Defence

North Korea’s nuclear pursuit not China’s failure

 

For a long time, the Chinese people wrongly believed that China could "control" North Korea and that North Korea's insistence on developing nuclear capabilities was a result of a failure in China's diplomacy. The international community has also misunderstood China's ability in the North Korean nuclear issue.

Sep 8, 2017
For a long time, the Chinese people wrongly believed that China could "control" North Korea and that North Korea's insistence on developing nuclear capabilities was a result of a failure in China's diplomacy. The international community has also misunderstood China's ability in the North Korean nuclear issue.
 
 
Such a misconception came as China assisted North Korea in resisting the US in the 1950s and China was supposed to retain some influence upon North Korea.

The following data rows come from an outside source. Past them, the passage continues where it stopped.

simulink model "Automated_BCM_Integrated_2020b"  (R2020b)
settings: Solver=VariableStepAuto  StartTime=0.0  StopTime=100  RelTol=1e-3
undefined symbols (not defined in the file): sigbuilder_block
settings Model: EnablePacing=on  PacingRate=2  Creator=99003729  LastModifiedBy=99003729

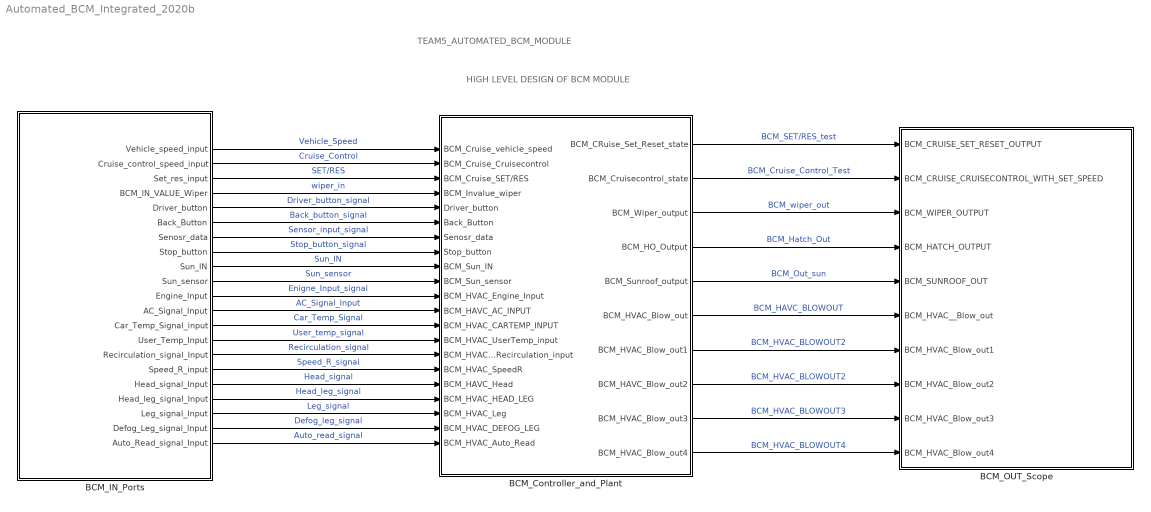
== system Automated_BCM_Integrated_2020b ==
  note: HIGH LEVEL DESIGN OF BCM MODULE
  note: TEAM5_AUTOMATED_BCM_MODULE
  BCM_Controller_and_Plant : Subsystem
  BCM_IN_Ports : Subsystem
  BCM_OUT_Scope : Subsystem
  wires:
  BCM_IN_Ports/1(Vehicle_speed_input) -> BCM_Controller_and_Plant/1(BCM_Cruise_vehicle_speed)  "Vehicle_Speed"
  BCM_IN_Ports/3(Set_res_input) -> BCM_Controller_and_Plant/3(BCM_Cruise_SET/RES)  "SET/RES"
  BCM_IN_Ports/2(Cruise_control_speed_input) -> BCM_Controller_and_Plant/2(BCM_Cruise_Cruisecontrol)  "Cruise_Control"
  BCM_Controller_and_Plant/1(BCM_CRuise_Set_Reset_state) -> BCM_OUT_Scope/1(BCM_CRUISE_SET_RESET_OUTPUT)  "BCM_SET/RES_test"
  BCM_Controller_and_Plant/2(BCM_Cruisecontrol_state) -> BCM_OUT_Scope/2(BCM_CRUISE_CRUISECONTROL_WITH_SET_SPEED)  "BCM_Cruise_Control_Test"
  BCM_IN_Ports/4(BCM_IN_VALUE_Wiper) -> BCM_Controller_and_Plant/4(BCM_Invalue_wiper)  "wiper_in"
  BCM_Controller_and_Plant/3(BCM_Wiper_output) -> BCM_OUT_Scope/3(BCM_WIPER_OUTPUT)  "BCM_wiper_out"
  BCM_Controller_and_Plant/4(BCM_HO_Output) -> BCM_OUT_Scope/4(BCM_HATCH_OUTPUT)  "BCM_Hatch_Out"
  BCM_IN_Ports/5(Driver_button) -> BCM_Controller_and_Plant/5(Driver_button)  "Driver_button_signal"
  BCM_IN_Ports/6(Back_Button) -> BCM_Controller_and_Plant/6(Back_Button)  "Back_button_signal"
  BCM_IN_Ports/7(Senosr_data) -> BCM_Controller_and_Plant/7(Senosr_data)  "Sensor_input_signal"
  BCM_IN_Ports/8(Stop_button) -> BCM_Controller_and_Plant/8(Stop_button)  "Stop_button_signal"
  BCM_Controller_and_Plant/5(BCM_Sunroof_output) -> BCM_OUT_Scope/5(BCM_SUNROOF_OUT)  "BCM_Out_sun"
  BCM_IN_Ports/9(Sun_IN) -> BCM_Controller_and_Plant/9(BCM_Sun_IN)  "Sun_IN"
  BCM_IN_Ports/10(Sun_sensor) -> BCM_Controller_and_Plant/10(BCM_Sun_sensor)  "Sun_sensor"
  BCM_IN_Ports/11(Engine_Input) -> BCM_Controller_and_Plant/11(BCM_HVAC_Engine_Input)  "Enigne_Input_signal"
  BCM_IN_Ports/12(AC_Signal_Input) -> BCM_Controller_and_Plant/12(BCM_HAVC_AC_INPUT)  "AC_Signal_Input"
  BCM_IN_Ports/13(Car_Temp_Signal_input) -> BCM_Controller_and_Plant/13(BCM_HVAC_CARTEMP_INPUT)  "Car_Temp_Signal"
  BCM_IN_Ports/14(User_Temp_Input) -> BCM_Controller_and_Plant/14(BCM_HVAC_UserTemp_input)  "User_temp_signal"
  BCM_IN_Ports/15(Recirculation_signal_Input) -> BCM_Controller_and_Plant/15(BCM_HVAC_Recirculation_input)  "Recirculation_signal"
  BCM_IN_Ports/16(Speed_R_input) -> BCM_Controller_and_Plant/16(BCM_HVAC_SpeedR)  "Speed_R_signal"
  BCM_IN_Ports/17(Head_signal_Input) -> BCM_Controller_and_Plant/17(BCM_HAVC_Head)  "Head_signal"
  BCM_IN_Ports/18(Head_leg_signal_Input) -> BCM_Controller_and_Plant/18(BCM_HVAC_HEAD_LEG)  "Head_leg_signal"
  BCM_IN_Ports/19(Leg_signal_Input) -> BCM_Controller_and_Plant/19(BCM_HVAC_Leg)  "Leg_signal"
  BCM_IN_Ports/20(Defog_Leg_signal_Input) -> BCM_Controller_and_Plant/20(BCM_HVAC_DEFOG_LEG)  "Defog_leg_signal"
  BCM_IN_Ports/21(Auto_Read_signal_Input) -> BCM_Controller_and_Plant/21(BCM_HVAC_Auto_Read)  "Auto_read_signal"
  BCM_Controller_and_Plant/6(BCM_HVAC_Blow_out) -> BCM_OUT_Scope/6(BCM_HVAC__Blow_out)  "BCM_HAVC_BLOWOUT"
  BCM_Controller_and_Plant/7(BCM_HVAC_Blow_out1) -> BCM_OUT_Scope/7(BCM_HVAC_Blow_out1)  "BCM_HVAC_BLOWOUT2"
  BCM_Controller_and_Plant/8(BCM_HAVC_Blow_out2) -> BCM_OUT_Scope/8(BCM_HVAC_Blow_out2)  "BCM_HVAC_BLOWOUT2"
  BCM_Controller_and_Plant/9(BCM_HVAC_Blow_out3) -> BCM_OUT_Scope/9(BCM_HVAC_Blow_out3)  "BCM_HVAC_BLOWOUT3"
  BCM_Controller_and_Plant/10(BCM_HVAC_Blow_out4) -> BCM_OUT_Scope/10(BCM_HVAC_Blow_out4)  "BCM_HVAC_BLOWOUT4"

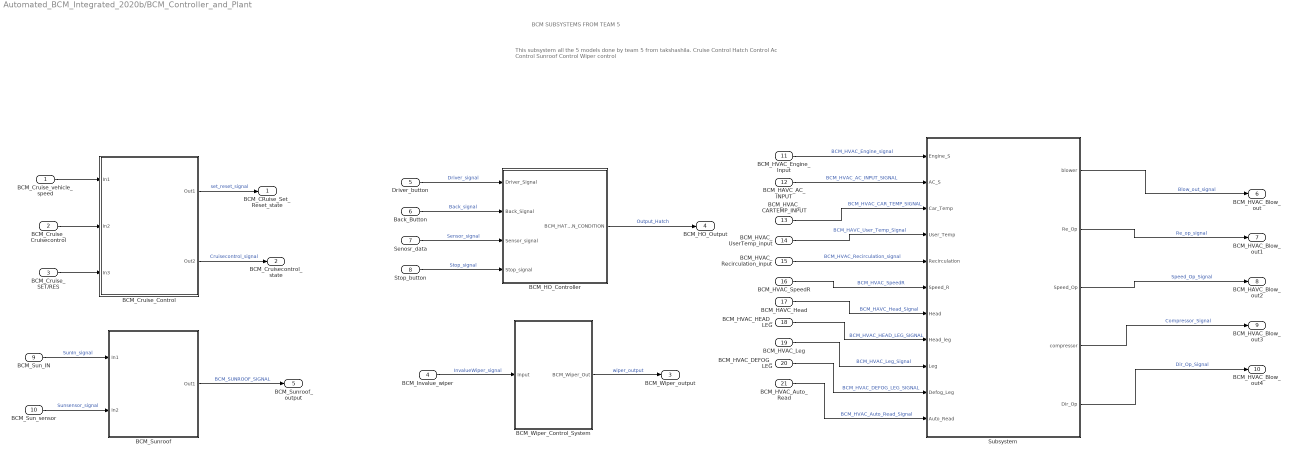
== system Automated_BCM_Integrated_2020b/BCM_Controller_and_Plant ==
  note: This subsystem all the 5 models done by team 5 from takshashila.
      | Cruise Control
      | Hatch Control
      | Ac Control
      | Sunroof Control
      | Wiper control
  note: BCM SUBSYSTEMS FROM TEAM 5
  BCM_Cruise_vehicle_speed : Inport
  BCM_Cruise_Cruisecontrol : Inport  Port=2
  BCM_Cruise_SET/RES : Inport  Port=3
  BCM_Invalue_wiper : Inport  Port=4
  Driver_button : Inport  Port=5
  Back_Button : Inport  Port=6
  Senosr_data : Inport  Port=7
  Stop_button : Inport  Port=8
  BCM_Sun_IN : Inport  Port=9
  BCM_Sun_sensor : Inport  Port=10
  BCM_HVAC_Engine_Input : Inport  Port=11
  BCM_HAVC_AC_INPUT : Inport  Port=12
  BCM_HVAC_CARTEMP_INPUT : Inport  Port=13
  BCM_HVAC_UserTemp_input : Inport  Port=14
  BCM_HVAC_Recirculation_input : Inport  Port=15
  BCM_HVAC_SpeedR : Inport  Port=16
  BCM_HAVC_Head : Inport  Port=17
  BCM_HVAC_HEAD_LEG : Inport  Port=18
  BCM_HVAC_Leg : Inport  Port=19
  BCM_HVAC_DEFOG_LEG : Inport  Port=20
  BCM_HVAC_Auto_Read : Inport  Port=21
  BCM_Cruise_Control : Subsystem
  BCM_HO_Controller : Subsystem
  BCM_Sunroof : Subsystem
  BCM_Wiper_Control_System : Subsystem
  Subsystem : Subsystem
  BCM_CRuise_Set_Reset_state : Outport
  BCM_Cruisecontrol_state : Outport  Port=2
  BCM_Wiper_output : Outport  Port=3
  BCM_HO_Output : Outport  Port=4
  BCM_Sunroof_output : Outport  Port=5
  BCM_HVAC_Blow_out : Outport  Port=6
  BCM_HVAC_Blow_out1 : Outport  Port=7
  BCM_HAVC_Blow_out2 : Outport  Port=8
  BCM_HVAC_Blow_out3 : Outport  Port=9
  BCM_HVAC_Blow_out4 : Outport  Port=10
  wires:
  BCM_Cruise_vehicle_speed/1 -> BCM_Cruise_Control/1(In1)
  BCM_Cruise_Cruisecontrol/1 -> BCM_Cruise_Control/2(In2)
  BCM_Cruise_SET/RES/1 -> BCM_Cruise_Control/3(In3)
  BCM_Cruise_Control/1(Out1) -> BCM_CRuise_Set_Reset_state/1  "set_reset_signal"
  BCM_Cruise_Control/2(Out2) -> BCM_Cruisecontrol_state/1  "Cruisecontrol_signal"
  Driver_button/1 -> BCM_HO_Controller/1(Driver_Signal)  "Driver_signal"
  Back_Button/1 -> BCM_HO_Controller/2(Back_Signal)  "Back_signal"
  Senosr_data/1 -> BCM_HO_Controller/3(Sensor_signal)  "Sensor_signal"
  Stop_button/1 -> BCM_HO_Controller/4(Stop_signal)  "Stop_signal"
  BCM_Sunroof/1(Out1) -> BCM_Sunroof_output/1  "BCM_SUNROOF_SIGNAL"
  BCM_Sun_IN/1 -> BCM_Sunroof/1(In1)  "SunIn_signal"
  BCM_Sun_sensor/1 -> BCM_Sunroof/2(In2)  "Sunsensor_signal"
  BCM_Invalue_wiper/1 -> BCM_Wiper_Control_System/1(Input)  "InvalueWiper_signal"
  BCM_Wiper_Control_System/1(BCM_Wiper_Out) -> BCM_Wiper_output/1  "wiper_output"
  BCM_HO_Controller/1(BCM_HATCHOPEN_CONDITION) -> BCM_HO_Output/1  "Output_Hatch"
  BCM_HVAC_Engine_Input/1 -> Subsystem/1(Engine_S)  "BCM_HVAC_Engine_signal"
  BCM_HAVC_AC_INPUT/1 -> Subsystem/2(AC_S)  "BCM_HVAC_AC_INPUT_SIGNAL"
  BCM_HVAC_CARTEMP_INPUT/1 -> Subsystem/3(Car_Temp)  "BCM_HVAC_CAR_TEMP_SIGNAL"
  BCM_HVAC_UserTemp_input/1 -> Subsystem/4(User_Temp)  "BCM_HAVC_User_Temp_Signal"
  BCM_HVAC_Recirculation_input/1 -> Subsystem/5(Recirculation)  "BCM_HVAC_Recirculation_signal"
  BCM_HVAC_SpeedR/1 -> Subsystem/6(Speed_R)  "BCM_HVAC_SpeedR"
  BCM_HAVC_Head/1 -> Subsystem/7(Head)  "BCM_HAVC_Head_Signal"
  BCM_HVAC_HEAD_LEG/1 -> Subsystem/8(Head_leg)  "BCM_HVAC_HEAD_LEG_SIGNAL"
  BCM_HVAC_Leg/1 -> Subsystem/9(Leg)  "BCM_HVAC_Leg_Signal"
  BCM_HVAC_DEFOG_LEG/1 -> Subsystem/10(Defog_Leg)  "BCM_HVAC_DEFOG_LEG_SIGNAL"
  BCM_HVAC_Auto_Read/1 -> Subsystem/11(Auto_Read)  "BCM_HVAC_Auto_Read_Signal"
  Subsystem/1(blower) -> BCM_HVAC_Blow_out/1  "Blow_out_signal"
  Subsystem/2(Re_Op) -> BCM_HVAC_Blow_out1/1  "Re_op_signal"
  Subsystem/3(Speed_Op) -> BCM_HAVC_Blow_out2/1  "Speed_Op_Signal"
  Subsystem/4(compressor) -> BCM_HVAC_Blow_out3/1  "Compressor_Signal"
  Subsystem/5(Dir_Op) -> BCM_HVAC_Blow_out4/1  "Dir_Op_Signal"

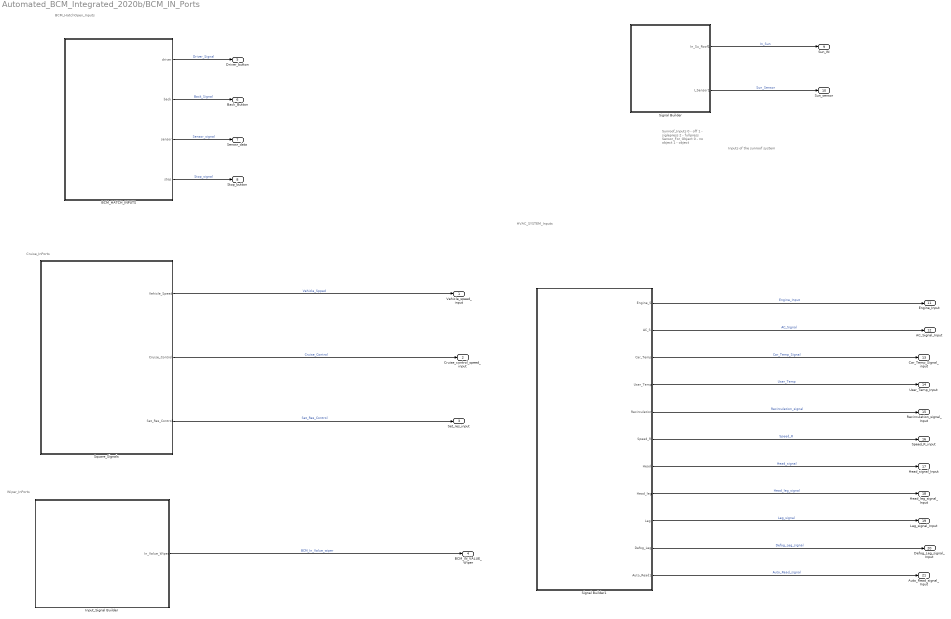
== system Automated_BCM_Integrated_2020b/BCM_IN_Ports ==
  note: HVAC_SYSTEM_Inputs
  note: BCM_HatchOpen_Inputs
  note: Wiper_InPorts
  note: Cruise_InPorts
  note: Inputs of the sunroof system
  note: Sunroof_Inputs
      | 0 - off
      | 1 - siglepress
      | 2 - fullpress
      | Sensor_For_Object
      | 0 - no object
      | 1 - object
  BCM_HATCH_INPUTS : Subsystem  Tag=STV Subsys  LoadFcn=sigbuilder_block('load');  StartFcn=sigbuilder_block('start');  StopFcn=sigbuilder_block('stop');  ClipboardFcn=sigbuilder_block('clipboard');  mask(Sigbuilder block){tuvar=[0:10]}
      mask help: Simulink:masks:SigbuilderBlock_MD
      mask init:
      | if ~strcmp(get_param(bdroot(gcbh),'SimulationStatus'),'stopped') tuvar = sigbuilder_block('maskInit'); end
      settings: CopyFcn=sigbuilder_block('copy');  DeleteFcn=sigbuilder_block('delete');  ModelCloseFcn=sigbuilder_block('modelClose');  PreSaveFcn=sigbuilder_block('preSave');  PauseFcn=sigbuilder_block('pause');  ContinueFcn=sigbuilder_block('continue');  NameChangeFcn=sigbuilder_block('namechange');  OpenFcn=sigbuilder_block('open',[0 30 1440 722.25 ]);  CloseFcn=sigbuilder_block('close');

Meanwhile, both China and North Korea are socialist countries. China is far more powerful than North Korea and constantly offers assistance to it and thus would be able to tame the country.
 
 
These Chinese have over-exaggerated China's influence on North Korea. In history, China used to have a profound influence on the Korean Peninsula, but the Democratic People's Republic of Korea has never been subordinate to the People's Republic of China.  
 
 
After China's reform and opening-up, China and North Korea embarked on different development paths. China's model has reshaped the country's understanding of the world, while North Korea has kept its past diplomatic pattern under the pressure of the Washington-Seoul alliance. In 1992, China established diplomatic ties with South Korea, which shocked Pyongyang.
 
 
China became prosperous with the drive of the market economy and grew into the world's second-largest economy. During this period of time, China-North Korea economic relations became market-oriented. 
 
 
China kept only some part of its assistance to North Korea, and the latter's infrastructure construction and high-tech technology development did not depend on China.
 
 
Before the first North Korean nuclear crisis in 1993, China's strength lagged far behind that of Russia, France and the UK and it was not able to dominate Korean Peninsula affairs. Development was the biggest task of China at that time.
 
 
After the Korean War, North Korea became a highly independent country. It is on an equal footing with China. China's increasing national strength did not constitute the decisive factor in Beijing-Pyongyang ties and North Korea did not hope to solve its security dilemma by relying on China. Witnessing that the regimes of some non-nuclear small countries had been overthrown, it took on the mistaken and extreme path of owning nuclear arms for self-defense.
 
 
Long before China grew stronger, it had lost the chance to reshape the peninsula's pattern. The motivation of North Korea's pursuit of nuclear capabilities came from the long-term military pressure from the US and South Korea.
 
 
North Korea's development of nuclear capabilities is the result of the distorted geopolitics in Northeast Asia, and North Korea itself and the US are to take the most blame. Some Chinese people overestimate China's strength and have an inaccurate understanding of international relations, contending that China's diplomacy on North Korea has failed. 
 
 
In the chaotic peninsula situation, no party is the winner. North Korea has suffered the most losses so far, and the nuclear issue is unmanageable by the US and South Korea. China needs to face up to reality and seek a least-worst result.